You can see how this is done in the Webinar video here: youtube.com/watch?v=SlF1gQyHtyg#t=999
Yes, sorry I had watched through the video and completely forgot about this. Thanks for that.
Going back to the X-Particles partitions (sorry)…
I had a look at the partition temp files and I can’t see any difference in seed between the X-Particle emitters. So does this mean that I’m just creating the same PRT sequence over and over? I have 20 million + particles being emitted from a sphere, following a TFD simulation.
Whereas with Thinking Particles I get a much better result and can see that the seed has changed incrementally in each of the temporary partition c4d files. So it seems you may have to manually change the seed for X-Particles on each partition. Is it just me? This had me stumped for a while.
Just wanted to bump this thread… I am having the same problem when creating partitions based off of a TurbulenceFD simulation. Using the X-Particles Source object for the simulation I see no difference in any of the partitions when I load them back into a PRT Source object.
I just tested this here and could not reproduce the problem. Here is what I did:
*I loaded a scene that already contained a TFD simulation (the same one I was showing in demos).
*I created an X-Particles System, added Emitter, set to Object and added the same Sphere I used in the TFD sim as emitter.
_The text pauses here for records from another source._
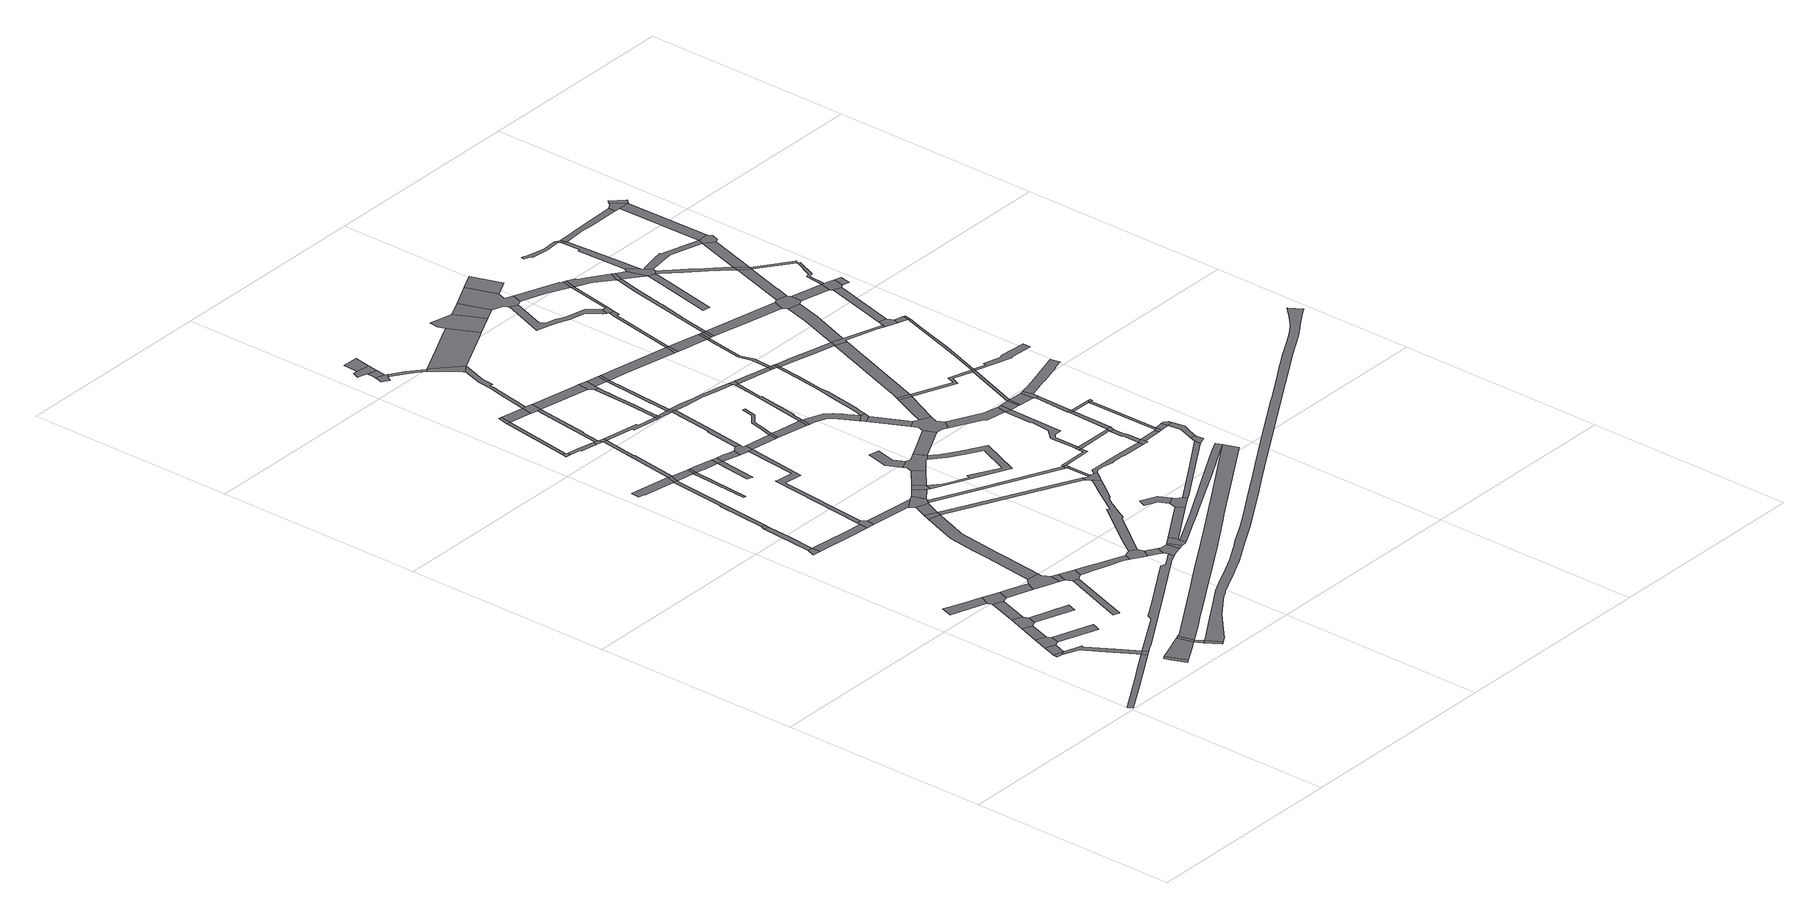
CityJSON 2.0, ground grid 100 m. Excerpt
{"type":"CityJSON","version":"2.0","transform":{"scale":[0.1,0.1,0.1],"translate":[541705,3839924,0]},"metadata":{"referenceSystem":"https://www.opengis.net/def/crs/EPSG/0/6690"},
"CityObjects":{
"road1":{"type":"Road","attributes":{"RoadStructureAttribute.sectionType":"1"},"geometry":[{"type":"MultiSurface","lod":"1","boundaries":[[[0,1,2,3,4,5,6,7,8,9,10]]]}]},
"road2":{"type":"Road","geometry":[{"type":"MultiSurface","lod":"1","boundaries":[[[11,12,13,14]]]}]},
"road3":{"type":"Road","attributes":{"RoadStructureAttribute.sectionType":"1"},"geometry":[{"type":"MultiSurface","lod":"1","boundaries":[[[15,16,11,14,17]]]}]},
"road4":{"type":"Road","geometry":[{"type":"MultiSurface","lod":"1","boundaries":[[[18,15,17,19,20,21]]]}]},
"road5":{"type":"Road","attributes":{"RoadStructureAttribute.sectionType":"1"},"geometry":[{"type":"MultiSurface","lod":"1","boundaries":[[[22,23,24,25,14,13,26,27,28,29,30,31,0,32]]]}]},
"road6":{"type":"Road","attributes":{"RoadStructureAttribute.sectionType":"1"},"geometry":[{"type":"MultiSurface","lod":"1","boundaries":[[[33,18,21,34]]]}]},
"road7":{"type":"Road","geometry":[{"type":"MultiSurface","lod":"1","boundaries":[[[32,0,10,35,36]]]}]},
"road8":{"type":"Road","attributes":{"RoadStructureAttribute.sectionType":"1"},"geometry":[{"type":"MultiSurface","lod":"1","boundaries":[[[37,38,39,40,41,42]]]}]},
"road9":{"type":"Road","geometry":[{"type":"MultiSurface","lod":"1","boundaries":[[[43,33,34,44,45,46]]]}]},
"road10":{"type":"Road","geometry":[{"type":"MultiSurface","lod":"1","boundaries":[[[47,48,49,20,19]]]}]},
"road11":{"type":"Road","attributes":{"RoadStructureAttribute.sectionType":"1"},"geometry":[{"type":"MultiSurface","lod":"1","boundaries":[[[50,51,52,53,54,55,56,57,58]]]}]},
"road12":{"type":"Road","geometry":[{"type":"MultiSurface","lod":"1","boundaries":[[[59,60,61,37,42,62,63,64,65,66]]]}]},
"road13":{"type":"Road","attributes":{"RoadStructureAttribute.sectionType":"1"},"geometry":[{"type":"MultiSurface","lod":"1","boundaries":[[[67,43,46,68]]]}]},
"road14":{"type":"Road","geometry":[{"type":"MultiSurface","lod":"1","boundaries":[[[69,70,71,45,44]]]}]},
"road15":{"type":"Road","geometry":[{"type":"MultiSurface","lod":"1","boundaries":[[[72,59,66,73]]]}]},
"road16":{"type":"Road","geometry":[{"type":"MultiSurface","lod":"1","boundaries":[[[73,66,74,75]]]}]},
"road17":{"type":"Road","geometry":[{"type":"MultiSurface","lod":"1","boundaries":[[[58,57,67,68,76,77]]]}]},
"road18":{"type":"Road","geometry":[{"type":"MultiSurface","lod":"1","boundaries":[[[75,74,78,79]]]}]},
"road19":{"type":"Road","geometry":[{"type":"MultiSurface","lod":"1","boundaries":[[[80,81,82,83]]]}]},
"road20":{"type":"Road","attributes":{"RoadStructureAttribute.sectionType":"1"},"geometry":[{"type":"MultiSurface","lod":"1","boundaries":[[[84,85,77,76,86,87]]]}]},
"road21":{"type":"Road","attributes":{"RoadStructureAttribute.sectionType":"1"},"geometry":[{"type":"MultiSurface","lod":"1","boundaries":[[[88,80,83,89,90]]]}]},
"road22":{"type":"Road","attributes":{"RoadStructureAttribute.sectionType":"1"},"geometry":[{"type":"MultiSurface","lod":"1","boundaries":[[[91,92,93,94,95]]]}]},
"road23":{"type":"Road","geometry":[{"type":"MultiSurface","lod":"1","boundaries":[[[96,88,90,97]]]}]},
"road24":{"type":"Road","attributes":{"RoadStructureAttribute.sectionType":"1"},"geometry":[{"type":"MultiSurface","lod":"1","boundaries":[[[98,99,100,87,86,101,102,103,104,105,106,107,108,109]]]}]},
"road25":{"type":"Road","attributes":{"RoadStructureAttribute.sectionType":"1"},"geometry":[{"type":"MultiSurface","lod":"1","boundaries":[[[110,111,83,82,112,113,114]]]}]},
"road26":{"type":"Road","attributes":{"RoadStructureAttribute.sectionType":"1"},"geometry":[{"type":"MultiSurface","lod":"1","boundaries":[[[115,116,117,118,119,120,121,122,123,36,35,124,125,126,127,128,129,130]]]}]},
"road27":{"type":"Road","attributes":{"RoadStructureAttribute.sectionType":"1"},"geometry":[{"type":"MultiSurface","lod":"1","boundaries":[[[105,104,131,132]]]}]},
"road28":{"type":"Road","attributes":{"RoadStructureAttribute.sectionType":"1"},"geometry":[{"type":"MultiSurface","lod":"1","boundaries":[[[133,134,135,96,97,136]]]}]},
"road29":{"type":"Road","geometry":[{"type":"MultiSurface","lod":"1","boundaries":[[[132,131,91,95,137,138]]]}]},
"road30":{"type":"Road","attributes":{"RoadStructureAttribute.sectionType":"1"},"geometry":[{"type":"MultiSurface","lod":"1","boundaries":[[[139,140,141,142,143,144,145,146,147,148,149,133,150]]]}]},
"road31":{"type":"Road","geometry":[{"type":"MultiSurface","lod":"1","boundaries":[[[151,114,113,152,153,154]]]}]},
"road32":{"type":"Road","attributes":{"RoadStructureAttribute.sectionType":"1"},"geometry":[{"type":"MultiSurface","lod":"1","boundaries":[[[155,156,157,158,159,160,98,109,161,162,163,164,165,166,167,168,169,170,171]]]}]},
"road33":{"type":"Road","geometry":[{"type":"MultiSurface","lod":"1","boundaries":[[[150,133,136,172]]]}]},
"road34":{"type":"Road","geometry":[{"type":"MultiSurface","lod":"1","boundaries":[[[173,174,175,176,177]]]}]},
"road35":{"type":"Road"},
"road36":{"type":"Road","attributes":{"RoadStructureAttribute.sectionType":"1"},"geometry":[{"type":"MultiSurface","lod":"1","boundaries":[[[178,179,180,181,182]]]}]},
"road37":{"type":"Road","attributes":{"RoadStructureAttribute.sectionType":"1"},"geometry":[{"type":"MultiSurface","lod":"1","boundaries":[[[183,184,185,138,137,186,187,188,189,190,191,192,193]]]}]},
"road38":{"type":"Road","attributes":{"RoadStructureAttribute.sectionType":"1"},"geometry":[{"type":"MultiSurface","lod":"1","boundaries":[[[136,194,195,196,172]]]}]},
"road39":{"type":"Road","attributes":{"RoadStructureAttribute.sectionType":"1"},"geometry":[{"type":"MultiSurface","lod":"1","boundaries":[[[197,176,175,198,199,200,201]]]}]},
"road40":{"type":"Road","geometry":[{"type":"MultiSurface","lod":"1","boundaries":[[[196,195,178,182,202]]]}]},
"road41":{"type":"Road","attributes":{"RoadStructureAttribute.sectionType":"1"},"geometry":[{"type":"MultiSurface","lod":"1","boundaries":[[[203,173,177,204]]]}]},
"road42":{"type":"Road","attributes":{"RoadStructureAttribute.sectionType":"1"},"geometry":[{"type":"MultiSurface","lod":"1","boundaries":[[[205,206,207,208,150,172,209]]]}]},
"road43":{"type":"Road","attributes":{"RoadStructureAttribute.sectionType":"1"},"geometry":[{"type":"MultiSurface","lod":"1","boundaries":[[[210,211,153,152,212,213,214]]]}]},
"road44":{"type":"Road","geometry":[{"type":"MultiSurface","lod":"1","boundaries":[[[215,155,171,216]]]}]},
"road45":{"type":"Road","attributes":{"RoadStructureAttribute.sectionType":"1"},"geometry":[{"type":"MultiSurface","lod":"1","boundaries":[[[217,218,202,182,219,220,221,222,223,224,225]]]}]},
"road46":{"type":"Road","attributes":{"RoadStructureAttribute.sectionType":"1"},"geometry":[{"type":"MultiSurface","lod":"1","boundaries":[[[226,227,228,229,230,151,154,231,232,233,234]]]}]},
"road47":{"type":"Road","geometry":[{"type":"MultiSurface","lod":"1","boundaries":[[[235,201,200,236,237]]]}]},
"road48":{"type":"Road","geometry":[{"type":"MultiSurface","lod":"1","boundaries":[[[238,239,240,193,192,241,242,243,244,245]]]}]},
"road49":{"type":"Road","geometry":[{"type":"MultiSurface","lod":"1","boundaries":[[[224,246,247,248,249,250]]]}]},
"road50":{"type":"Road","attributes":{"RoadStructureAttribute.sectionType":"1"},"geometry":[{"type":"MultiSurface","lod":"1","boundaries":[[[251,215,216,252]]]}]},
"road51":{"type":"Road","geometry":[{"type":"MultiSurface","lod":"1","boundaries":[[[253,203,204,254]]]}]},
"road52":{"type":"Road","geometry":[{"type":"MultiSurface","lod":"1","boundaries":[[[237,236,208,207,255]]]}]},
"road53":{"type":"Road","attributes":{"RoadStructureAttribute.sectionType":"1"},"geometry":[{"type":"MultiSurface","lod":"1","boundaries":[[[244,243,256,257]]]}]},
"road54":{"type":"Road","geometry":[{"type":"MultiSurface","lod":"1","boundaries":[[[225,224,250,258]]]}]},
"road55":{"type":"Road","geometry":[{"type":"MultiSurface","lod":"1","boundaries":[[[259,214,213,260,251,252,261,262,263]]]}]},
"road56":{"type":"Road","attributes":{"RoadStructureAttribute.sectionType":"1"},"geometry":[{"type":"MultiSurface","lod":"1","boundaries":[[[254,204,264,265,266]]]}]},
"road57":{"type":"Road","attributes":{"RoadStructureAttribute.sectionType":"1"},"geometry":[{"type":"MultiSurface","lod":"1","boundaries":[[[267,235,237,268,269,270]]]}]},
"road58":{"type":"Road","geometry":[{"type":"MultiSurface","lod":"1","boundaries":[[[271,257,256,115,130,272,273,274,275]]]}]},
"road59":{"type":"Road","attributes":{"RoadStructureAttribute.sectionType":"1"},"geometry":[{"type":"MultiSurface","lod":"1","boundaries":[[[276,277,278,258,250,279,280,281]]]}]},
"road60":{"type":"Road","attributes":{"RoadStructureAttribute.sectionType":"1"},"geometry":[{"type":"MultiSurface","lod":"1","boundaries":[[[282,259,263,283,284]]]}]},
"road61":{"type":"Road","geometry":[{"type":"MultiSurface","lod":"1","boundaries":[[[285,275,274,286]]]}]},
"road62":{"type":"Road","geometry":[{"type":"MultiSurface","lod":"1","boundaries":[[[287,288,289,290,291,292]]]}]},
"road63":{"type":"Road","geometry":[{"type":"MultiSurface","lod":"1","boundaries":[[[266,265,267,270,293,294,295]]]}]},
"road64":{"type":"Road","attributes":{"RoadStructureAttribute.sectionType":"1"},"geometry":[{"type":"MultiSurface","lod":"1","boundaries":[[[296,297,255,207,298,299,300,301]]]}]},
"road65":{"type":"Road","geometry":[{"type":"MultiSurface","lod":"1","boundaries":[[[302,303,304,305,306,307,308,309]]]}]},
"road66":{"type":"Road","attributes":{"RoadStructureAttribute.sectionType":"1"},"geometry":[{"type":"MultiSurface","lod":"1","boundaries":[[[306,310,287,292,307]]]}]},
"road67":{"type":"Road","attributes":{"RoadStructureAttribute.sectionType":"1"},"geometry":[{"type":"MultiSurface","lod":"1","boundaries":[[[311,285,286,312,313,314,315]]]}]},
"road68":{"type":"Road","geometry":[{"type":"MultiSurface","lod":"1","boundaries":[[[316,282,284,317,318,319]]]}]},
"road69":{"type":"Road","geometry":[{"type":"MultiSurface","lod":"1","boundaries":[[[320,281,280,226,234,321,322,323]]]}]},
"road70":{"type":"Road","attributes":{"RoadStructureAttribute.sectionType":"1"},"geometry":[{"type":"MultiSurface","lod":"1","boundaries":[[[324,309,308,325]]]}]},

*In the TFD settings, I set the Velocity Clip Below to 1cm, Particle Velocity Scale to 100%.
RESULT: Moving the time slider showed the X-Particles following the simulation
*Now I opened Krakatoa, set up 3 partitions and processed via the Batch Queue.
*I then created a Krakatoa PRT Loader, picked the first frame of the first partition, then checked “Load Additional Partitions” and changed Partitions To Load to 3.
RESULT: Changing the Partitions To Load between 1, 2 and 3 obviously added new unique particle positions to the cloud. So it worked as expected.
I wonder if the way your Emitter is set up prevents our code from varying the initial positions of the particles? I don’t know enough about all possible X-Particles settings to determine what the cause might be, but it is possible that you are setting up something differently. Can you try the simple case I described above (simple TFD sim burning from a sphere emitter, emit XP from the same sphere, advect by TFD, partition, load and compare 1 vs. 3 partitions) to see if it still fails? If it works, then there is something in your other scene’s setup that prevents it from randomizing the birth positions. In that case, please send us an example scene.
Hmm. When I do as you suggested and keep it a simple simulation everything is working perfectly. There must be a way I am breaking the partitioning by over complicating a simulation… I will have to do some testing and see exactly what I am doing that is mucking things up for me. I really appreciate the reply and I will be back with my findings.